### Problem
Filter out all lines without the word "mechanical" from the data below, please, and copy the rest.

(Stored data entries)
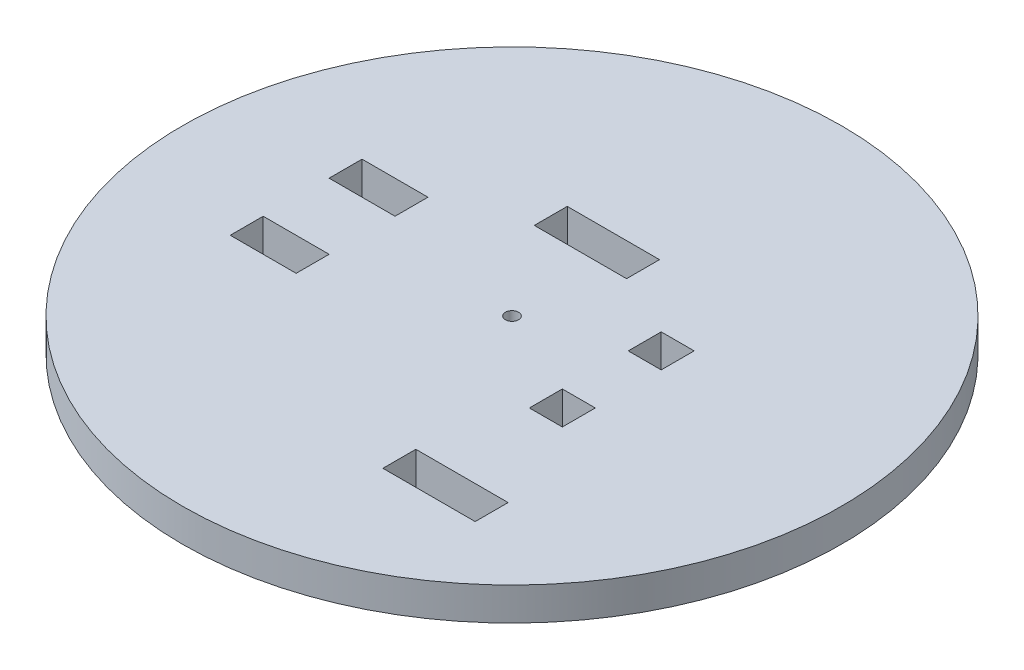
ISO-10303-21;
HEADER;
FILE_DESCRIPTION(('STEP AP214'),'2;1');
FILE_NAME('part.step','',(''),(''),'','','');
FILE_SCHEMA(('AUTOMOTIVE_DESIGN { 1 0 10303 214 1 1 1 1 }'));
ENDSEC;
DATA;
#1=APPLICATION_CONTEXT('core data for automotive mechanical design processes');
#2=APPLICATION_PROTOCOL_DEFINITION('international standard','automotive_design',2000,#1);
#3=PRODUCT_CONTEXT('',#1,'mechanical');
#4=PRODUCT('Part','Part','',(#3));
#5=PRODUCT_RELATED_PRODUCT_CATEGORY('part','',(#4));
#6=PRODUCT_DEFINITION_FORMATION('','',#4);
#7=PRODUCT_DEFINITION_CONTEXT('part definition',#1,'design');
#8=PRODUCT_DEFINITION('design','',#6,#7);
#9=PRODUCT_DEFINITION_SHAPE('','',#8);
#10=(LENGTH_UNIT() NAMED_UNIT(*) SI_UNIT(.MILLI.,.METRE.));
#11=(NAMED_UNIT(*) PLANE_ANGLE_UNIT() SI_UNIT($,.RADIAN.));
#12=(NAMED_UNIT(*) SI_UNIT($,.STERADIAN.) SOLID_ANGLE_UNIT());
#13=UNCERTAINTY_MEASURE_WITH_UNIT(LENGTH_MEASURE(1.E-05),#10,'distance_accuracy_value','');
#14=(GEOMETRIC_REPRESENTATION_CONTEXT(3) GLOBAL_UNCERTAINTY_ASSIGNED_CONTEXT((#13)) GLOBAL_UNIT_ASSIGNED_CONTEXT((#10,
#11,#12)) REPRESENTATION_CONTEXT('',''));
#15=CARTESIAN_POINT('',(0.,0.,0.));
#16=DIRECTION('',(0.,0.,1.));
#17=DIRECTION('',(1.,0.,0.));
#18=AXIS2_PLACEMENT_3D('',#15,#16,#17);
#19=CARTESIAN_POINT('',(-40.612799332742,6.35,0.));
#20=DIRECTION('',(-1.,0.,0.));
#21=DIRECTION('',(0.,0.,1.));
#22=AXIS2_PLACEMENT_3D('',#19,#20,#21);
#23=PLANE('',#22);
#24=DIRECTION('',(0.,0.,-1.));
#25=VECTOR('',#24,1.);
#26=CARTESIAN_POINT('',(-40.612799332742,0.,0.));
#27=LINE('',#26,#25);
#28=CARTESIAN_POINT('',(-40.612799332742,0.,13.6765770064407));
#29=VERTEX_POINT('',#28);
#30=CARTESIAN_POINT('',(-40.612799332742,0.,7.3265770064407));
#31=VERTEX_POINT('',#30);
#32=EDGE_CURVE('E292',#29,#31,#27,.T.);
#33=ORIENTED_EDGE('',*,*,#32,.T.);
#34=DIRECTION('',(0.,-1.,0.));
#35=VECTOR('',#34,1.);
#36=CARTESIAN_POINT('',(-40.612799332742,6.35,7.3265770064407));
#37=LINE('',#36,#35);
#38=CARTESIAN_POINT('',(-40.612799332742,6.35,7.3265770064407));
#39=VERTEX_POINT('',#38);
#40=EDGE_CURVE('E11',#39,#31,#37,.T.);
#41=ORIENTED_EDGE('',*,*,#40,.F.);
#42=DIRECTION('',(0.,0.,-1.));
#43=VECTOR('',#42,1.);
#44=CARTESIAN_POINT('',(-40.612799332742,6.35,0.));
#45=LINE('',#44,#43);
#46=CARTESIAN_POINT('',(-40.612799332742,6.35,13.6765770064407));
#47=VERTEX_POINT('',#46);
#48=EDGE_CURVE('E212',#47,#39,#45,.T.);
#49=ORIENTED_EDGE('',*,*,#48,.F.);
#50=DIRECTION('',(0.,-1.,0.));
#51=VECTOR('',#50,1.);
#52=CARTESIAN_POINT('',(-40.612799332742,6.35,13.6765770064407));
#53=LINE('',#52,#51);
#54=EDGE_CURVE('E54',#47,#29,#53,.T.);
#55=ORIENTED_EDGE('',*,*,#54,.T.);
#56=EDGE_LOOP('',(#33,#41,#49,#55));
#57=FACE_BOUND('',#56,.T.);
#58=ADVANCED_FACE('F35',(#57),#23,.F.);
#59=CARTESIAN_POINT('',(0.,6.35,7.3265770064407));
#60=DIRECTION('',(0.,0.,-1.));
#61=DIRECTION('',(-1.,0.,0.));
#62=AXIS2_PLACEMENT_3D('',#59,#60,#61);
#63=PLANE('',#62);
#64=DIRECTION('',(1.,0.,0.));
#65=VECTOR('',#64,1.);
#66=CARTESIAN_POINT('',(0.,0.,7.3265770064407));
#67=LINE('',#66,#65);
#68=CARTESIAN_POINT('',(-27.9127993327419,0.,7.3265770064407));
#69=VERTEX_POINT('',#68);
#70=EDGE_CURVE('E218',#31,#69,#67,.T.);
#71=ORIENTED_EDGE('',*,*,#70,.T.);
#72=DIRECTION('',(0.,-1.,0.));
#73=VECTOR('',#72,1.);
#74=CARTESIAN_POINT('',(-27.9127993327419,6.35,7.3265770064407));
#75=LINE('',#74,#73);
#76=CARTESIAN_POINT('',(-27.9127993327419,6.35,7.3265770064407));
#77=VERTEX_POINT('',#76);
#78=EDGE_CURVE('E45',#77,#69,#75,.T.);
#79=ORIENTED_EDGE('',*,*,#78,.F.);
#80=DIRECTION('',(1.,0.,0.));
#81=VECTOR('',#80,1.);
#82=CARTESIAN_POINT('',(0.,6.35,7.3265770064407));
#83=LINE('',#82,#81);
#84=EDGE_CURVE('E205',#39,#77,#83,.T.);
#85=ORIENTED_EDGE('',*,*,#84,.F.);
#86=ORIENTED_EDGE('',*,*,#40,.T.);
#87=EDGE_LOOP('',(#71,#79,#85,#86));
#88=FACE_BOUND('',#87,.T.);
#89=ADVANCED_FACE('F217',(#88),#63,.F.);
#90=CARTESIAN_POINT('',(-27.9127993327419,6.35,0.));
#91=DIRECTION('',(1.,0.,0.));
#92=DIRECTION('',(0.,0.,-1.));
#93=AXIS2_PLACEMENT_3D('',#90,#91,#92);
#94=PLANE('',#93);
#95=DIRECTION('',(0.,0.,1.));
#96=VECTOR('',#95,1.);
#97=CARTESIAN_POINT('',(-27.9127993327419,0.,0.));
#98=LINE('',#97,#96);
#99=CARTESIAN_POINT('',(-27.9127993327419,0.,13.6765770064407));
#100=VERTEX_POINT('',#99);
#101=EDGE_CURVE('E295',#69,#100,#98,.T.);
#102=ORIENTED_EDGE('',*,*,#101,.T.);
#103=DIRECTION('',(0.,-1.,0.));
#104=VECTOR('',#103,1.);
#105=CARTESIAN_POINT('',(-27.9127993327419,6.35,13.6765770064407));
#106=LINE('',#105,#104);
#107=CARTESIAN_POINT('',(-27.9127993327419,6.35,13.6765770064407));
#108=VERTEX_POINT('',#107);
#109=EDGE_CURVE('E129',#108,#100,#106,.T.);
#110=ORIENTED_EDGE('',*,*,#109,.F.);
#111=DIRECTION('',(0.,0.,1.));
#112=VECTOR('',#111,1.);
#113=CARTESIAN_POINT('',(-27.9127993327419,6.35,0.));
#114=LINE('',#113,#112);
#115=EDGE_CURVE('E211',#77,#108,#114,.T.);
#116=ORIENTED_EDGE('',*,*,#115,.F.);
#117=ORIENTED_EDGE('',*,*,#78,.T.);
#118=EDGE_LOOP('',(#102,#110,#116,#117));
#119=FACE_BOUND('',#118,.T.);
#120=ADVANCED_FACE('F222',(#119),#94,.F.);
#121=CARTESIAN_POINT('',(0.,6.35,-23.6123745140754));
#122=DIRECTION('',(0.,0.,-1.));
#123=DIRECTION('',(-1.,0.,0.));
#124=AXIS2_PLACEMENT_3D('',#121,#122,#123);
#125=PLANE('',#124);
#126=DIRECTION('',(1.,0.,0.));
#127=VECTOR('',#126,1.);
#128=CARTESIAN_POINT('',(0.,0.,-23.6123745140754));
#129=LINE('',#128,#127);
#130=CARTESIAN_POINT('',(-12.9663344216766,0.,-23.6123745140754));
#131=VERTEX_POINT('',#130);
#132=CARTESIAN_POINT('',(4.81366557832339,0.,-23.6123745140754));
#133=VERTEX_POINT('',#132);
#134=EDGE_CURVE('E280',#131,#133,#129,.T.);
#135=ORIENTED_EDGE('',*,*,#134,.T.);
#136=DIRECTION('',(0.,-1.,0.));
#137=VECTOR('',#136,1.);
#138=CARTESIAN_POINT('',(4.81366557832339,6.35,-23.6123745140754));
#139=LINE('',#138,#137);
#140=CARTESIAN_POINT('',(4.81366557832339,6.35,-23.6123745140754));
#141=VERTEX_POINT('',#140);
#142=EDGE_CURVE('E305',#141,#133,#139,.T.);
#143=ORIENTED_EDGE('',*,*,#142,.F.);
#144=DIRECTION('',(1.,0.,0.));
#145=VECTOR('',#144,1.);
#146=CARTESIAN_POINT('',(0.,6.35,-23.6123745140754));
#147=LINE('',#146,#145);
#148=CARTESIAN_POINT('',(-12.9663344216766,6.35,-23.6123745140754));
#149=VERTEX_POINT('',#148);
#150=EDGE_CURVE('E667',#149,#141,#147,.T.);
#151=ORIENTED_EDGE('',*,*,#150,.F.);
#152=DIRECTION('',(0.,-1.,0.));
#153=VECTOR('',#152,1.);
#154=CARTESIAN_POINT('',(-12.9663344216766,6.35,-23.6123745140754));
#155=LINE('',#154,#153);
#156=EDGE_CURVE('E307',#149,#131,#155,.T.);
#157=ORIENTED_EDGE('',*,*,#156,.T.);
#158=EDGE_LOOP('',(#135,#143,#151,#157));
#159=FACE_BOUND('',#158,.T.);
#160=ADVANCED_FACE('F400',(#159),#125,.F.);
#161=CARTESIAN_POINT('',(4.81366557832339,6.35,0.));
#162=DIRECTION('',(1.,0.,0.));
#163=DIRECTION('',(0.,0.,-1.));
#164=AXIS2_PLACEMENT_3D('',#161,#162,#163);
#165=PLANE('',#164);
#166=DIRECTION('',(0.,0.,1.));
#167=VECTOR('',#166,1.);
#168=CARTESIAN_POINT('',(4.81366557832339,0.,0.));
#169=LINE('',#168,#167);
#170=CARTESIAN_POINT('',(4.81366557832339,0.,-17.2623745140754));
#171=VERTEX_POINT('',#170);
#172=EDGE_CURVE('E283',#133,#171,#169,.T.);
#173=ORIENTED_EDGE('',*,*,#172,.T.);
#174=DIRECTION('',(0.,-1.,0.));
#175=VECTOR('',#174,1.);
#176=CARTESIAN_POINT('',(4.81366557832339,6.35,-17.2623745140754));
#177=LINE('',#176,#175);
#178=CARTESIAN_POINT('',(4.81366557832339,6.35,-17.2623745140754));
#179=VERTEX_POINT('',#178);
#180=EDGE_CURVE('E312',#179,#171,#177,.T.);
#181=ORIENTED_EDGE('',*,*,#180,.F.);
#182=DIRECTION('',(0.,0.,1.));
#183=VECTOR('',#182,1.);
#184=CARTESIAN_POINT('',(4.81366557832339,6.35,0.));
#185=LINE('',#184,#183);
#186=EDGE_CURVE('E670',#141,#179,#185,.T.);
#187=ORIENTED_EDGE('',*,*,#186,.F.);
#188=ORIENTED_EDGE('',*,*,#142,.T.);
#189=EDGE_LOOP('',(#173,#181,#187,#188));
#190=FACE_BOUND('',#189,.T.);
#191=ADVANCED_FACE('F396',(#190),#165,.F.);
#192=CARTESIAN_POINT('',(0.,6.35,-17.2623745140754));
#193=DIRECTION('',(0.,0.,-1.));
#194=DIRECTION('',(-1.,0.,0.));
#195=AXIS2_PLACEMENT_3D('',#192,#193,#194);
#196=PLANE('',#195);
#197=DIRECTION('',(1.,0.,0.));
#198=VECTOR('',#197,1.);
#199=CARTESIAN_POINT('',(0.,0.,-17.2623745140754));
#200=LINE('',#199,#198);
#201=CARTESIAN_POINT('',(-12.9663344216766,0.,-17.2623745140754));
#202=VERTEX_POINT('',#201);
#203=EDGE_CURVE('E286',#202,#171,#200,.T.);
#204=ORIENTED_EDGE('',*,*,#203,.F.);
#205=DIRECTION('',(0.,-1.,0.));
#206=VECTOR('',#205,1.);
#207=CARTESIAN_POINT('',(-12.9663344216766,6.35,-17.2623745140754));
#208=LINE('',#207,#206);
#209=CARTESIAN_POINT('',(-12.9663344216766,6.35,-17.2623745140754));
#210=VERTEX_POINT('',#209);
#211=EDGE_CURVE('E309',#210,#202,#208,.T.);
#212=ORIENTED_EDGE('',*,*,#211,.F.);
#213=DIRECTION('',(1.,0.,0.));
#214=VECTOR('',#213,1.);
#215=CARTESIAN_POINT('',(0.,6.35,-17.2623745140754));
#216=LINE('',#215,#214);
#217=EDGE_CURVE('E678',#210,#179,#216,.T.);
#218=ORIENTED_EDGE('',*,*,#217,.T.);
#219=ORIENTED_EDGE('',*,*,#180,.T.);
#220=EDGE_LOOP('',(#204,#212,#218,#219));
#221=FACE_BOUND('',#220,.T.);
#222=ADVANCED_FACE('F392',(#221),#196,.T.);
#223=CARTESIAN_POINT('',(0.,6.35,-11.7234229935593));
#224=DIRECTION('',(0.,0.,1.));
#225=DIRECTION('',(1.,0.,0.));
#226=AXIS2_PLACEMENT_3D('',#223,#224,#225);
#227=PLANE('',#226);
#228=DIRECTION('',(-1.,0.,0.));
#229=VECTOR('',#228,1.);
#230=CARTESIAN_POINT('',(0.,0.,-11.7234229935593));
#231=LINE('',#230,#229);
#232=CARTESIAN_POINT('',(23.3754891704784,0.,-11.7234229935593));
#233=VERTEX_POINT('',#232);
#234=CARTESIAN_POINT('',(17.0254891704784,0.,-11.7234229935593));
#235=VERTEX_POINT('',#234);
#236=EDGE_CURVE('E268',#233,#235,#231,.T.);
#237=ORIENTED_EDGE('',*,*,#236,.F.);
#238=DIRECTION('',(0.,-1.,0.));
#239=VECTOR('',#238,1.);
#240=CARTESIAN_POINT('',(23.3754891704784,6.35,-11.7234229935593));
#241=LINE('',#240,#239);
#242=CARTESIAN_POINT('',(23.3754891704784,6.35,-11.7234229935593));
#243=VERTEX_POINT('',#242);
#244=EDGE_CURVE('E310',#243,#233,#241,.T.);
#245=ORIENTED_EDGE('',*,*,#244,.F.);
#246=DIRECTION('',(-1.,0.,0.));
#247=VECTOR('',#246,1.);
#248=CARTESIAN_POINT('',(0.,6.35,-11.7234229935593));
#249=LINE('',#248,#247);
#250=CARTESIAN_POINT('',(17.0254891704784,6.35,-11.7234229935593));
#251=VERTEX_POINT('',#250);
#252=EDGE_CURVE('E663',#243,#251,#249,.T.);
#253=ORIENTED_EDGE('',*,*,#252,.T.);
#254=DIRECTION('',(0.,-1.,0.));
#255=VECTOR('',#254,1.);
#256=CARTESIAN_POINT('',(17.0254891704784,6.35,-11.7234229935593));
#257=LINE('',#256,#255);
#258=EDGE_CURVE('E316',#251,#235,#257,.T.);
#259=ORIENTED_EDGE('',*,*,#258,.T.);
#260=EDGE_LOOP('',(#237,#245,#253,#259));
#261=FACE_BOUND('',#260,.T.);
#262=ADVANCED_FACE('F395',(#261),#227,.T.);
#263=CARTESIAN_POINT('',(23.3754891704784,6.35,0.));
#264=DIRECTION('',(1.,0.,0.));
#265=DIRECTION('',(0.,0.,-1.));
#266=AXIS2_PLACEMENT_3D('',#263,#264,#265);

### Written solution
#1=APPLICATION_CONTEXT('core data for automotive mechanical design processes');
#3=PRODUCT_CONTEXT('',#1,'mechanical');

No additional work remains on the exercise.